ABOUT THIS TASK: Somewhere below is a line with "Length unit declared in the file: millimetre" and, later, a line with "Topology: 1 solids, 1"; repeat those two lines and all the lines between them, exactly as they are.

<<<<

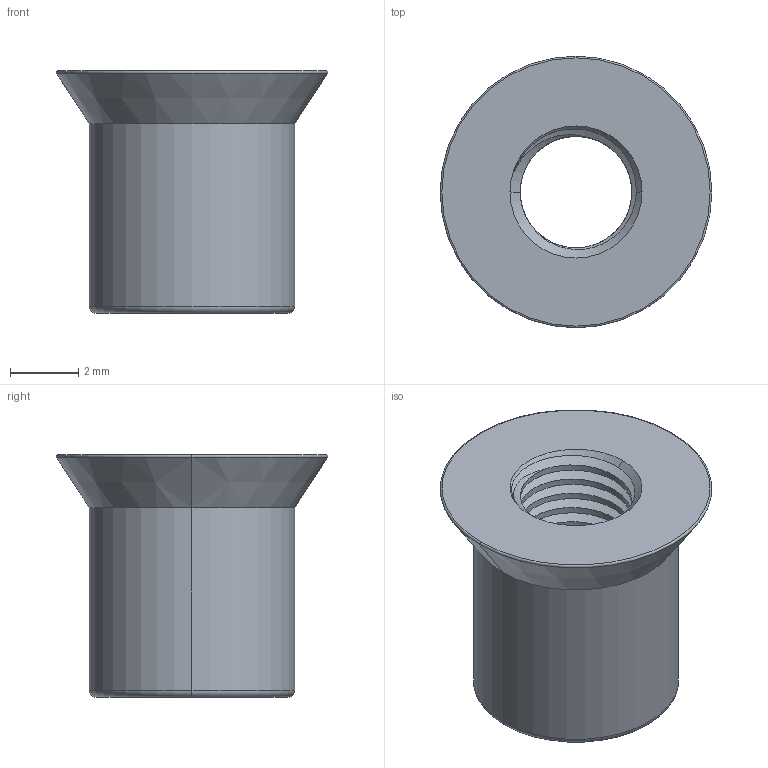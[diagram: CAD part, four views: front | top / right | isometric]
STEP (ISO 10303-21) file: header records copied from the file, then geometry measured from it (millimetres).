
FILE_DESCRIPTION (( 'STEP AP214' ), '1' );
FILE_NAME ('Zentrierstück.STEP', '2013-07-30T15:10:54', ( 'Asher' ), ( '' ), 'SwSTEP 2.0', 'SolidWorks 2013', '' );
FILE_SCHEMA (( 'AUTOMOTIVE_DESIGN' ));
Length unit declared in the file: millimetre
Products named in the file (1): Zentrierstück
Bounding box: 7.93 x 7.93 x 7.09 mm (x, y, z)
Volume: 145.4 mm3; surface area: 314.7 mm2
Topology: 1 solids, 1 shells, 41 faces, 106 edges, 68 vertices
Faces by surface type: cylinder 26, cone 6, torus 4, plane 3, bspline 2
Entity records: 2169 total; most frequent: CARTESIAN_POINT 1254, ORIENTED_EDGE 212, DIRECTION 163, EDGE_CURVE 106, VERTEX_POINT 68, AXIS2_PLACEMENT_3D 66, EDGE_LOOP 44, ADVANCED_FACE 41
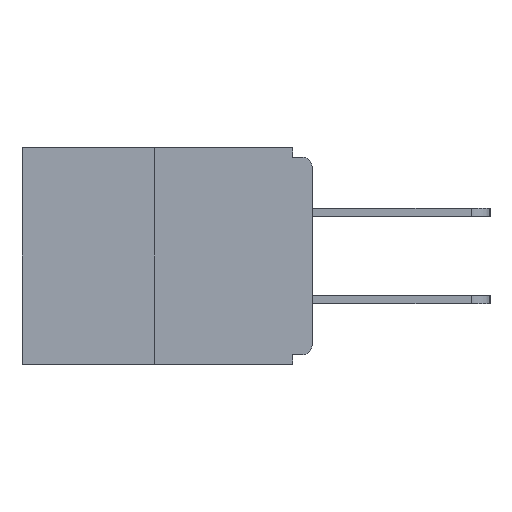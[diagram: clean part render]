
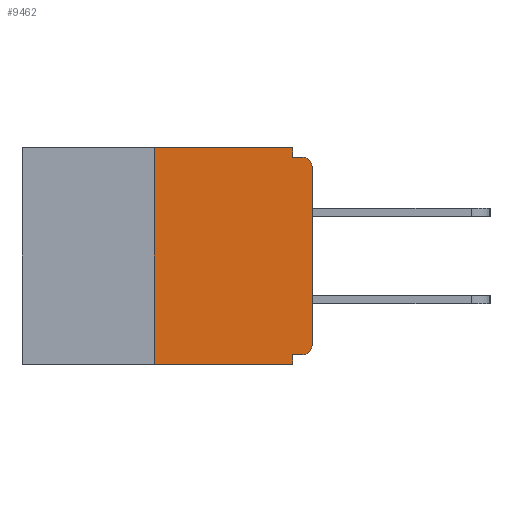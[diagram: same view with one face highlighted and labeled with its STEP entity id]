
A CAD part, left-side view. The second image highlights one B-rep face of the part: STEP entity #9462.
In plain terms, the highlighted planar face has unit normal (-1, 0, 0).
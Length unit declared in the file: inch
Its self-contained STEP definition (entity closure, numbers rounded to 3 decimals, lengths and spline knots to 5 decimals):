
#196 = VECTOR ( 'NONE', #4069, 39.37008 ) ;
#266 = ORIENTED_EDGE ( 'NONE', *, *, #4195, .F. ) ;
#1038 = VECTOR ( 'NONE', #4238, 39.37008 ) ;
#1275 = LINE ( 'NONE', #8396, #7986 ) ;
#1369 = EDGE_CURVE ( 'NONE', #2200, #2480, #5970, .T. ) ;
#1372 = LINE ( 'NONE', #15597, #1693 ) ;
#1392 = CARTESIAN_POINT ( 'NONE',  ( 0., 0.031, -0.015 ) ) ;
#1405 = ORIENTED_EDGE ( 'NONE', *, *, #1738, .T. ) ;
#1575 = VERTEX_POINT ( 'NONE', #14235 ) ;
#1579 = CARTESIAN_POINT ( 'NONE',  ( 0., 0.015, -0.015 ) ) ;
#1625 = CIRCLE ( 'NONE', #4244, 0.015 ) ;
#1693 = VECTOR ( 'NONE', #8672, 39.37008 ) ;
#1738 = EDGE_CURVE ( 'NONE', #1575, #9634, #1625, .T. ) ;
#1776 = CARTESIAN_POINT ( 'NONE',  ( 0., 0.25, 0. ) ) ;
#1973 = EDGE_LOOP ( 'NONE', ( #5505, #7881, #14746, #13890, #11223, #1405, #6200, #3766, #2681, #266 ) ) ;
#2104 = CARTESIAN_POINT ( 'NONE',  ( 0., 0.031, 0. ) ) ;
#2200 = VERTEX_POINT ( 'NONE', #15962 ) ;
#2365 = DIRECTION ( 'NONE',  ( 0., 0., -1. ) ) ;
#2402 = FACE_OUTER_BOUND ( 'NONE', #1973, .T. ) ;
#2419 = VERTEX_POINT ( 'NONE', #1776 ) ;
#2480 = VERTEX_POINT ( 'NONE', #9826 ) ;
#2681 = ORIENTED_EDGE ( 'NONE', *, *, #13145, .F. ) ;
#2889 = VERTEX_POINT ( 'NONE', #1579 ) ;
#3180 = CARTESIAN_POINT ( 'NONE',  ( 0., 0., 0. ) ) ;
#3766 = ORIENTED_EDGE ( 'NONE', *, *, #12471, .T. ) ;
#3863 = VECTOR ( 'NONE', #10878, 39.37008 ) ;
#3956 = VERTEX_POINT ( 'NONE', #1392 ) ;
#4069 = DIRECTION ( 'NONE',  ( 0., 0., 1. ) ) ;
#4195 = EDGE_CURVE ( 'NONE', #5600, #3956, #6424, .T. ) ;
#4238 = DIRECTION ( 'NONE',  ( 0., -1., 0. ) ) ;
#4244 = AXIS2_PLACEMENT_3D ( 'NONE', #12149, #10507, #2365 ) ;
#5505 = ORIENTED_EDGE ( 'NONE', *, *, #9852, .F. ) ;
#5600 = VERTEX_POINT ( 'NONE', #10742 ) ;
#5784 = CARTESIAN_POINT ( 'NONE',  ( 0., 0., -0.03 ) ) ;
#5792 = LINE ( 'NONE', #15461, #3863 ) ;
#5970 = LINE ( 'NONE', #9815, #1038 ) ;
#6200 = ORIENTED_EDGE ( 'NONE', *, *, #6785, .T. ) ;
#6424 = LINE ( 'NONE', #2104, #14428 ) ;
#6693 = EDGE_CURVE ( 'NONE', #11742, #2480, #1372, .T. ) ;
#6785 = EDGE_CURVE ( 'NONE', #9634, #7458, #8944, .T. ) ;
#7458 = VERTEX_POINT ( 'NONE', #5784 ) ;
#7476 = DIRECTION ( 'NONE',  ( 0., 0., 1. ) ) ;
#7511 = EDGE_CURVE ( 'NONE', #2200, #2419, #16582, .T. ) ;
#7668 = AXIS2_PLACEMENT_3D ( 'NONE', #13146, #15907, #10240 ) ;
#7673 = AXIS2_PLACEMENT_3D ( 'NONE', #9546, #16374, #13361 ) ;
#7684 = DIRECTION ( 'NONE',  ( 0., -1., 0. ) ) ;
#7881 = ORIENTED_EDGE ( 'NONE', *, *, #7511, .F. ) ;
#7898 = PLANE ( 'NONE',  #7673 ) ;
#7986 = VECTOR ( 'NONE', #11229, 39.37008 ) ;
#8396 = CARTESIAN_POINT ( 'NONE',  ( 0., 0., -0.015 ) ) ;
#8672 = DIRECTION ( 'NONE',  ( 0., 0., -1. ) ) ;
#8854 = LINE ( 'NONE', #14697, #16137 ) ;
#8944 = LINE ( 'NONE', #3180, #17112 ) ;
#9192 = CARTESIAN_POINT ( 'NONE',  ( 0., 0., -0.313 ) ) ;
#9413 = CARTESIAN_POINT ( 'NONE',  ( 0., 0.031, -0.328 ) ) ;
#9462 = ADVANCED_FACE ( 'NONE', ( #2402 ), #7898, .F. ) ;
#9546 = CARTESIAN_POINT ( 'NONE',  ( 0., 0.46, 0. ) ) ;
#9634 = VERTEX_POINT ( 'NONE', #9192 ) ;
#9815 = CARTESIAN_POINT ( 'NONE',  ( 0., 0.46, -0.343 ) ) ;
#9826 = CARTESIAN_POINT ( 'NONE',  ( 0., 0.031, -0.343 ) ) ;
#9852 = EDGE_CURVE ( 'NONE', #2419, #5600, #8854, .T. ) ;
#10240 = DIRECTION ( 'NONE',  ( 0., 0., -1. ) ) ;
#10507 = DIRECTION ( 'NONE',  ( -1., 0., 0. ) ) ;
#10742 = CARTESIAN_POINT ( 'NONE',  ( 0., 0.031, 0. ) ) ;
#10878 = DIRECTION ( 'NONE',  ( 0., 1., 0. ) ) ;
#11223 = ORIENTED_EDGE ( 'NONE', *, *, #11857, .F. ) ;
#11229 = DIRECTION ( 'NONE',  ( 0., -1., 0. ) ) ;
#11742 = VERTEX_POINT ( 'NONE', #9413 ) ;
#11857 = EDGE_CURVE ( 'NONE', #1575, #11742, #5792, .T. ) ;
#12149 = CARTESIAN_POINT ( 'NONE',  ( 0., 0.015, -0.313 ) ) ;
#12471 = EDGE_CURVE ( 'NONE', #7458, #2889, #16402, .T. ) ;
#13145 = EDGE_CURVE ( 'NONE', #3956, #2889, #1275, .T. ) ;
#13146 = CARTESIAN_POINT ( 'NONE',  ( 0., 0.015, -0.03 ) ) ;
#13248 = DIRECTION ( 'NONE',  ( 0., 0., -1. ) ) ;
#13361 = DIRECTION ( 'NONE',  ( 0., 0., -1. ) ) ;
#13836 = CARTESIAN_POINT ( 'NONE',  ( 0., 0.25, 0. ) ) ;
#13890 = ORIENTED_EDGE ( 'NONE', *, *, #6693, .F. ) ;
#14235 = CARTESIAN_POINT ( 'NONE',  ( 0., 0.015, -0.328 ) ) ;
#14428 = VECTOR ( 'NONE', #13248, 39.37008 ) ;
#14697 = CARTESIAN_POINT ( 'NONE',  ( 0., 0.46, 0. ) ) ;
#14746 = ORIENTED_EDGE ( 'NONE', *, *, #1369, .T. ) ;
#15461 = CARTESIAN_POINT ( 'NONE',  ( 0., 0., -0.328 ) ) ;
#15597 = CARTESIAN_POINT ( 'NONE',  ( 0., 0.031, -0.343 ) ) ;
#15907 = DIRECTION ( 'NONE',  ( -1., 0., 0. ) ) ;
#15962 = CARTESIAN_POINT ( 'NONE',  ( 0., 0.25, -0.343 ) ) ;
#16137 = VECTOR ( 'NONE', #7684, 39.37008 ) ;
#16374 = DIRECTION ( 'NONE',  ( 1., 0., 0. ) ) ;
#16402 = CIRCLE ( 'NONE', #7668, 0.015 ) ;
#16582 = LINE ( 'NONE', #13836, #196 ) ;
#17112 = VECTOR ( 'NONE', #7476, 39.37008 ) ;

>>>>

EXERCISE RESPONSE:
Length unit declared in the file: millimetre
Products named in the file (1): Zentrierstück
Bounding box: 7.93 x 7.93 x 7.09 mm (x, y, z)
Volume: 145.4 mm3; surface area: 314.7 mm2
Topology: 1 solids, 1 shells, 41 faces, 106 edges, 68 vertices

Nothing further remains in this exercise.